**What to work on**
For each line of the listing that holds "exist", show the full line.

**Material provided**
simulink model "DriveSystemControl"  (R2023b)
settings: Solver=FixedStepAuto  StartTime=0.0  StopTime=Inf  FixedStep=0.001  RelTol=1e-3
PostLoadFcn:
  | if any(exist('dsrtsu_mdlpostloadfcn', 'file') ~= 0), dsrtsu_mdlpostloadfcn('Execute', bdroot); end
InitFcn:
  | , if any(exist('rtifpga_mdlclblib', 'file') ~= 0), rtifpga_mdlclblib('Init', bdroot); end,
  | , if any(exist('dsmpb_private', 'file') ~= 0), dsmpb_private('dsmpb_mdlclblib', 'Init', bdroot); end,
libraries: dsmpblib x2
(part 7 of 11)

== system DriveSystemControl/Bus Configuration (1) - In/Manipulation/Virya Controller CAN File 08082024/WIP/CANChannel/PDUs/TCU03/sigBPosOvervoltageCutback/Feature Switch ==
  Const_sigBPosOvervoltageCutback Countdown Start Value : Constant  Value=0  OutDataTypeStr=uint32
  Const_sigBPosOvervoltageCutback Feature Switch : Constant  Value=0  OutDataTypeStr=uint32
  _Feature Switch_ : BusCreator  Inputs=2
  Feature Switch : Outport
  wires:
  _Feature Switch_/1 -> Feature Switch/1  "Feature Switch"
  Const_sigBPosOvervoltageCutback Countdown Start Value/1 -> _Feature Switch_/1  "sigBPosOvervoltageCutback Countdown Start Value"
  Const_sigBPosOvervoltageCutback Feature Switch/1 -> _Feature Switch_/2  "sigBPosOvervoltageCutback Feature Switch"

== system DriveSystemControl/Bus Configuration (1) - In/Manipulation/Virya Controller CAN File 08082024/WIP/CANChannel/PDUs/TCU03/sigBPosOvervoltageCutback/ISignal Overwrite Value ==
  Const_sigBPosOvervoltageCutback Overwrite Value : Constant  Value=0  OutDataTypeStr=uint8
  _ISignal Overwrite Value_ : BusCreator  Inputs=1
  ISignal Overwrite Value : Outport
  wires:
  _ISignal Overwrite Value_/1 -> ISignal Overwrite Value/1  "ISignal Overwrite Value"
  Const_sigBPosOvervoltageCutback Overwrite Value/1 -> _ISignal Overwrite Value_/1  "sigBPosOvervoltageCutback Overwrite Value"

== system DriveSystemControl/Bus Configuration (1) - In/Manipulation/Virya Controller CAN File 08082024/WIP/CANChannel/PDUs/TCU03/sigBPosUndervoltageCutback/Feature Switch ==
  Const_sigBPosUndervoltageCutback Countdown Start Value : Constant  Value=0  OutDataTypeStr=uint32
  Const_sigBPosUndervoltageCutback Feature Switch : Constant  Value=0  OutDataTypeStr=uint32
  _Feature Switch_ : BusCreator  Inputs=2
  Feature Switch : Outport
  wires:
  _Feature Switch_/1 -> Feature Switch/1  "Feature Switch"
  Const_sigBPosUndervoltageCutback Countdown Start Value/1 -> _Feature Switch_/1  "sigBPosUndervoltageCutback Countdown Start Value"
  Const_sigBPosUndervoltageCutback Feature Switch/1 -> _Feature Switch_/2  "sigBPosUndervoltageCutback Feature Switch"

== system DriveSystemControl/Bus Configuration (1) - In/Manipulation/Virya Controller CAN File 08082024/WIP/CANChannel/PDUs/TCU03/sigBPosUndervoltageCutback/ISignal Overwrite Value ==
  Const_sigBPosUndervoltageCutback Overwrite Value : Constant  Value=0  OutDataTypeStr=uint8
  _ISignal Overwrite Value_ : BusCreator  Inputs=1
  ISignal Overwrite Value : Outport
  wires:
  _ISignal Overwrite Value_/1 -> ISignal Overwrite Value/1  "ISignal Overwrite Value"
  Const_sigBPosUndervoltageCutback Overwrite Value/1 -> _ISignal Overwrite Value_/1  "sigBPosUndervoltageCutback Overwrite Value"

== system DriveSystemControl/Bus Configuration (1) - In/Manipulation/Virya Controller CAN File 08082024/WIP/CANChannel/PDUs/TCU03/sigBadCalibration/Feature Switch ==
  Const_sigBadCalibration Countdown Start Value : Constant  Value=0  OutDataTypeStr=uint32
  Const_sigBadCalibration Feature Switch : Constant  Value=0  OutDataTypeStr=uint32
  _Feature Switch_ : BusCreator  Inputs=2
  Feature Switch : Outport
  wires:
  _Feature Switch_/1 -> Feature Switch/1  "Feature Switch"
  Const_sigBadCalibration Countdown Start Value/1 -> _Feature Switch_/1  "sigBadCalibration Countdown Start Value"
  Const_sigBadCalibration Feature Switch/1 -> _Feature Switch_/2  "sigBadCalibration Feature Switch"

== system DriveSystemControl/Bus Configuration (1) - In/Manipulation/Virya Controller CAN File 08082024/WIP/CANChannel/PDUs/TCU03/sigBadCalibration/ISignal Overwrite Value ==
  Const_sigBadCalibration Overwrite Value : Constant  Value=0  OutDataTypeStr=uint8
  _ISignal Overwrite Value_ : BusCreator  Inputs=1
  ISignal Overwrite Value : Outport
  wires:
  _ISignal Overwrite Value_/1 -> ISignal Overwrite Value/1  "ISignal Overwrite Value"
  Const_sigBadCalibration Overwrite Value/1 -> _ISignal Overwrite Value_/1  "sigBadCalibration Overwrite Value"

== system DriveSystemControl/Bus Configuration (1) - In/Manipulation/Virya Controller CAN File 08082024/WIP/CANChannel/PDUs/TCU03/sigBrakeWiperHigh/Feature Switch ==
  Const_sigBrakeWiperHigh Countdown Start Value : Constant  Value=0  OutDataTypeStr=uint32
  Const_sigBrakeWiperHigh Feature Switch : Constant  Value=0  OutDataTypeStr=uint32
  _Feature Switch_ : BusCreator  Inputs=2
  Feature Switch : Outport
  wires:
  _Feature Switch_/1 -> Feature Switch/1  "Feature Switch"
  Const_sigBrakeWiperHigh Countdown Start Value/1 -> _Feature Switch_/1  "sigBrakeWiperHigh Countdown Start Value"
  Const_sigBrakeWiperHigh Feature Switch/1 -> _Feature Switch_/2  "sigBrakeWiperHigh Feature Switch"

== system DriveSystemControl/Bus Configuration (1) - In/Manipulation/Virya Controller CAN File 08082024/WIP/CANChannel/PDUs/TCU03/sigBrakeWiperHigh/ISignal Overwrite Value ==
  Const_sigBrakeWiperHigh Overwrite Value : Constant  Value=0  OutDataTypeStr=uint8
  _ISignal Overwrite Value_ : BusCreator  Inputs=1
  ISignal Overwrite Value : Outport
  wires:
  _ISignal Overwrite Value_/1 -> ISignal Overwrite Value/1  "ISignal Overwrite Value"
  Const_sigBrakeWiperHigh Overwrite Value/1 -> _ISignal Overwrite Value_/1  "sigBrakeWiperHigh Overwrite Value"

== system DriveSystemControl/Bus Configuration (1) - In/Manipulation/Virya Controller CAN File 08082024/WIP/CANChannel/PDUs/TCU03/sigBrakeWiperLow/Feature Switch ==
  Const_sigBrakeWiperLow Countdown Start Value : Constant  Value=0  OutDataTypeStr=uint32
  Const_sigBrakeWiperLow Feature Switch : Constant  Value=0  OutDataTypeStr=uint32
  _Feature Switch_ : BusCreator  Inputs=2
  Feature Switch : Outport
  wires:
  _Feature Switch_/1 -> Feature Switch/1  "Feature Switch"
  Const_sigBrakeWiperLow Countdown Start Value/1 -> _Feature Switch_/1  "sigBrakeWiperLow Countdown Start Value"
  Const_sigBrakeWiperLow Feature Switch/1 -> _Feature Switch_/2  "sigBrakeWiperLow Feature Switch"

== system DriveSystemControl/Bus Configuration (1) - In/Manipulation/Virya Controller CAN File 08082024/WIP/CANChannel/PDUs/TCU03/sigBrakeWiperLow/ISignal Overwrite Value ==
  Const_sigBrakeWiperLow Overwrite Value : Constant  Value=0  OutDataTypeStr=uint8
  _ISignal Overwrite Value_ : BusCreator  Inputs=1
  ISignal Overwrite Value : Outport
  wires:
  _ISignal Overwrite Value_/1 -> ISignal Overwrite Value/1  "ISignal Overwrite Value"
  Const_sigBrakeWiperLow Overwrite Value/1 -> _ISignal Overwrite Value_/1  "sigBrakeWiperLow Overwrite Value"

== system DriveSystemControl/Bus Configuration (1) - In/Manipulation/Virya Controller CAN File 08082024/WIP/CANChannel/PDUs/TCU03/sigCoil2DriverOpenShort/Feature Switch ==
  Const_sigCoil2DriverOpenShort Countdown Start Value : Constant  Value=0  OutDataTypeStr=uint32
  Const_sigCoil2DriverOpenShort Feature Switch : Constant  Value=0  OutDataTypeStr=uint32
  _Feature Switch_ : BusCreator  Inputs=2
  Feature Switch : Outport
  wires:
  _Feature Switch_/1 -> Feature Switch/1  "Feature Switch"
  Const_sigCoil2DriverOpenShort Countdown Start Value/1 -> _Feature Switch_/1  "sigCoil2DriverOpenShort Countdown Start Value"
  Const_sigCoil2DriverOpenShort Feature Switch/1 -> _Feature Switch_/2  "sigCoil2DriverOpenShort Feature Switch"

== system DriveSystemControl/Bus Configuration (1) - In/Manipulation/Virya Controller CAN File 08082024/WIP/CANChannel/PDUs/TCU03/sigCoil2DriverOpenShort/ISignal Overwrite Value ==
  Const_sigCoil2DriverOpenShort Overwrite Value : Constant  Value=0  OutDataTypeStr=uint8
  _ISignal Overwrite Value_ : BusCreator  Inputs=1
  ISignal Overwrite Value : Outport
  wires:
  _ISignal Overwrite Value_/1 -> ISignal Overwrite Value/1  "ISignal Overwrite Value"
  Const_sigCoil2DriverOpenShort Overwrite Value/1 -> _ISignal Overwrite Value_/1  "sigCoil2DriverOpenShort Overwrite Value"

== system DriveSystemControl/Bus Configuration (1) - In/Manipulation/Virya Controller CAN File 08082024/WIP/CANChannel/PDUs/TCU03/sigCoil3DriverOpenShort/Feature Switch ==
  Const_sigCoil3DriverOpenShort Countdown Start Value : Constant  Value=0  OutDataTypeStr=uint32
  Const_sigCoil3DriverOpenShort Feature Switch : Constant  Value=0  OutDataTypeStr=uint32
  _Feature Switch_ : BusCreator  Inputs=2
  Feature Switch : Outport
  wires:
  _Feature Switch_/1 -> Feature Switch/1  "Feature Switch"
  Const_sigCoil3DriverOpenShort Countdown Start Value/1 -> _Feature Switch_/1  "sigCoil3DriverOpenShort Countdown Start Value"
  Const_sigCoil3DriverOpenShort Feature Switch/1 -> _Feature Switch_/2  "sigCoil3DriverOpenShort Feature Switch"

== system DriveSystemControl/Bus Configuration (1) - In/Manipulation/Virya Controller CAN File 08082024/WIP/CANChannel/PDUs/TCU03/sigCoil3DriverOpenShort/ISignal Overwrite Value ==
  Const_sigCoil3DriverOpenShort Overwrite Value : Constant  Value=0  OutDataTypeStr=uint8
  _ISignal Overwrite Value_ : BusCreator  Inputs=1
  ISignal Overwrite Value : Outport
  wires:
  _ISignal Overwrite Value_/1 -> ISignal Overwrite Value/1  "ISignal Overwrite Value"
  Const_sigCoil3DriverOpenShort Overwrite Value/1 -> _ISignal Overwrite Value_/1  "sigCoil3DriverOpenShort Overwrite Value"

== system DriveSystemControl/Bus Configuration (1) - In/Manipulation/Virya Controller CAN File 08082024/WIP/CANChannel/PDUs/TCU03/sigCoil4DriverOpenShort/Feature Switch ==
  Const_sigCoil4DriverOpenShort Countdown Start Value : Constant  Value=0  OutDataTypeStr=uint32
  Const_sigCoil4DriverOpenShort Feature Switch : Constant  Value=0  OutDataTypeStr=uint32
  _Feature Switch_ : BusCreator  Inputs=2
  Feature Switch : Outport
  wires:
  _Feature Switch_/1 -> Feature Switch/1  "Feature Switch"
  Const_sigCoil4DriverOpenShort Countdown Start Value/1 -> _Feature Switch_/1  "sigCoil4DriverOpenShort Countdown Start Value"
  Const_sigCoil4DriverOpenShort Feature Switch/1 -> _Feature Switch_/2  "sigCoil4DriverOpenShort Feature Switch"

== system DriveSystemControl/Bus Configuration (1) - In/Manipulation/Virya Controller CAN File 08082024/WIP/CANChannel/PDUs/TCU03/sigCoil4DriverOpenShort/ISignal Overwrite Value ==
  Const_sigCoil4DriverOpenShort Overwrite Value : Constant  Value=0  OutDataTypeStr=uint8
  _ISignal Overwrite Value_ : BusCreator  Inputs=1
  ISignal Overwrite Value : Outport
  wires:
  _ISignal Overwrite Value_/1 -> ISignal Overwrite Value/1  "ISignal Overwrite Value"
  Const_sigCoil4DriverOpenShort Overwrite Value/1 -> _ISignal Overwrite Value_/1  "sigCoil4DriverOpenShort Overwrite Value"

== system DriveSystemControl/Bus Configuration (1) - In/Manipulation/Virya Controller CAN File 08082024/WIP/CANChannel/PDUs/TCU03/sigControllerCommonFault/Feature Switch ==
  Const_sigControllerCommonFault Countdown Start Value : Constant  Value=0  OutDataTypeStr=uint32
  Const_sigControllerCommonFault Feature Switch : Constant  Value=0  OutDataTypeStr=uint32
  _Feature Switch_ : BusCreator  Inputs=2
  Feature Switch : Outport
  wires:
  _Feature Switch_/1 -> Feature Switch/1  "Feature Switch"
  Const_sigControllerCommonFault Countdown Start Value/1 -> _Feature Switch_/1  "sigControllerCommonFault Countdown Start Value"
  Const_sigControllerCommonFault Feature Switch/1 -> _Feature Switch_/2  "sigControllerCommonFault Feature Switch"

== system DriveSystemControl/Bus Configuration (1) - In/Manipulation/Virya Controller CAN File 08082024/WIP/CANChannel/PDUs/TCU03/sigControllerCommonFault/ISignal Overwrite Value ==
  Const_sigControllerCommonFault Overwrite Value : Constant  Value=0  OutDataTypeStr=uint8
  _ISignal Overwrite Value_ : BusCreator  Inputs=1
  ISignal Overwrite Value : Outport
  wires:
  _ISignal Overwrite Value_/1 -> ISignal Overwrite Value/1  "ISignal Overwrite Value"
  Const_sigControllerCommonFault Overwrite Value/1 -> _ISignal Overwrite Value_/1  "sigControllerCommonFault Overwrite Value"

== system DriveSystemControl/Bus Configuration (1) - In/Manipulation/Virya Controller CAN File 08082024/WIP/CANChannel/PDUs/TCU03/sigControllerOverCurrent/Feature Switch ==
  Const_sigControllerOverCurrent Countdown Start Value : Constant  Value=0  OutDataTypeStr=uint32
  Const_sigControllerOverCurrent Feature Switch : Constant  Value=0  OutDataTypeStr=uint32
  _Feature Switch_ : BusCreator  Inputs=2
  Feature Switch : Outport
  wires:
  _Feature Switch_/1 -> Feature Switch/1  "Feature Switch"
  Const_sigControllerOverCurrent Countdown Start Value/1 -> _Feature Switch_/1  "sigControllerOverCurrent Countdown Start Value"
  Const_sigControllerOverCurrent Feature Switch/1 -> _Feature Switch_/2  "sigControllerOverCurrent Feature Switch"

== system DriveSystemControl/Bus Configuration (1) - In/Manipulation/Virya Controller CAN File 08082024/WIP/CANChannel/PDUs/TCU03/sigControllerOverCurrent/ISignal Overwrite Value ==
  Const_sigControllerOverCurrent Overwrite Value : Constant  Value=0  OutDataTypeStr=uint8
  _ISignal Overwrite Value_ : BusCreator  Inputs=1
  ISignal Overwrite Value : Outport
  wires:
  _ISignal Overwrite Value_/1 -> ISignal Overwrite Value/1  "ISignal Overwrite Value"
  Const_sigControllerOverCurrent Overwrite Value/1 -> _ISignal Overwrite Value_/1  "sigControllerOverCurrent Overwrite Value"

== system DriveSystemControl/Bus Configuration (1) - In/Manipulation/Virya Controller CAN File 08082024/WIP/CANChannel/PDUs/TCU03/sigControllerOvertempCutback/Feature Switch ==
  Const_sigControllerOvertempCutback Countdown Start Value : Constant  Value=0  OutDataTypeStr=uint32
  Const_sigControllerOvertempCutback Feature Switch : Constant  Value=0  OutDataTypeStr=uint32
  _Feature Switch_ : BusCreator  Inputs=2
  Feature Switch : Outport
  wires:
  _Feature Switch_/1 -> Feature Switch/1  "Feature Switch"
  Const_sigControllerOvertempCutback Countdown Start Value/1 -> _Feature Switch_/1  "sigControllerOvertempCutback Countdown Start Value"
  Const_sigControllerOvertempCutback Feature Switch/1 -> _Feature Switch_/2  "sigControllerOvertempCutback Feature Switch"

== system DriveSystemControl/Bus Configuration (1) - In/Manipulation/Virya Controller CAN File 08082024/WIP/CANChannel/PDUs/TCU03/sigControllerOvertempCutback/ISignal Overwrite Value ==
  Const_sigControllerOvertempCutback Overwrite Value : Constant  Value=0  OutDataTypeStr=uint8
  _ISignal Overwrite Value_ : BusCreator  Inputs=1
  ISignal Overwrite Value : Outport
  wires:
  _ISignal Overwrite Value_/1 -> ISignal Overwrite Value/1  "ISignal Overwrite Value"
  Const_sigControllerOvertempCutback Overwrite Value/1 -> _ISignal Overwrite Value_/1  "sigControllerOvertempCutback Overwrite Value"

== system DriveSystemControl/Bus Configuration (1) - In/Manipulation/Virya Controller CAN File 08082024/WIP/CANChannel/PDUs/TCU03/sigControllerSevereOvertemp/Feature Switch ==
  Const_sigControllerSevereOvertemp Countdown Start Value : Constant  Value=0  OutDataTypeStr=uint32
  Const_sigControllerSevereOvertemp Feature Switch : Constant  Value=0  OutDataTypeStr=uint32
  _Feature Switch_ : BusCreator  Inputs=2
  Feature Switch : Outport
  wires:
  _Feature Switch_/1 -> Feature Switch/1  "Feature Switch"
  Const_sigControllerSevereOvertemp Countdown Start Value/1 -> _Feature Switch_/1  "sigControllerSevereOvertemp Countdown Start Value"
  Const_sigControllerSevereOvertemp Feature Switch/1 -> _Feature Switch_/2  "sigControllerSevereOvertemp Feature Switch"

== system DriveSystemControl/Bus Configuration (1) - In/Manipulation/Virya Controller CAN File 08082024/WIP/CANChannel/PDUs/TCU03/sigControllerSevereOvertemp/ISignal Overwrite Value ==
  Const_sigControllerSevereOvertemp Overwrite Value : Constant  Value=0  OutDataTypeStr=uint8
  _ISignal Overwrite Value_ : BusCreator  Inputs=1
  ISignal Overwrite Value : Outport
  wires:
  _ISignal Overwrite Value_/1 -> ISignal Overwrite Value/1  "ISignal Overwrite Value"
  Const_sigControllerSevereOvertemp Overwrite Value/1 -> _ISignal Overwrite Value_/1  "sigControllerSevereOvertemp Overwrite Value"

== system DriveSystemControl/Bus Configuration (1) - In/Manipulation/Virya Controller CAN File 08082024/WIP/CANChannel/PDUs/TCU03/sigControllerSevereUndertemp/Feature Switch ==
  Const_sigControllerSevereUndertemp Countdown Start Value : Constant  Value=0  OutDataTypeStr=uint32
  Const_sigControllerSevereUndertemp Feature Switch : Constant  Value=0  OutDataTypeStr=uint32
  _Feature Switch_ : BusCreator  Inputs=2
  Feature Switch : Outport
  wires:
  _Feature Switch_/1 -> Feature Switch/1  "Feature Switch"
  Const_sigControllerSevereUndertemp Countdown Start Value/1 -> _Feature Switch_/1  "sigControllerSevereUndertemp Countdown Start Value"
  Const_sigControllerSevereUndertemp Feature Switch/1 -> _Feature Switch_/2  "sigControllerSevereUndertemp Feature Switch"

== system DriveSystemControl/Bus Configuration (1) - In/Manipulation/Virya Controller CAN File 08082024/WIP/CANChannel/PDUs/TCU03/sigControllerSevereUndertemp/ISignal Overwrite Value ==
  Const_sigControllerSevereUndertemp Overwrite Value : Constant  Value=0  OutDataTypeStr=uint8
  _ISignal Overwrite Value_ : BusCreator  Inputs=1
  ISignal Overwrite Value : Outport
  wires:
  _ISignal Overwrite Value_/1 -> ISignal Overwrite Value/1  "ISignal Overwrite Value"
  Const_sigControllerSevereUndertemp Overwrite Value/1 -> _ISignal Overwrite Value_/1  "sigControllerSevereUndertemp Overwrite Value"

**Your response**
  | if any(exist('dsrtsu_mdlpostloadfcn', 'file') ~= 0), dsrtsu_mdlpostloadfcn('Execute', bdroot); end
  | , if any(exist('rtifpga_mdlclblib', 'file') ~= 0), rtifpga_mdlclblib('Init', bdroot); end,
  | , if any(exist('dsmpb_private', 'file') ~= 0), dsmpb_private('dsmpb_mdlclblib', 'Init', bdroot); end,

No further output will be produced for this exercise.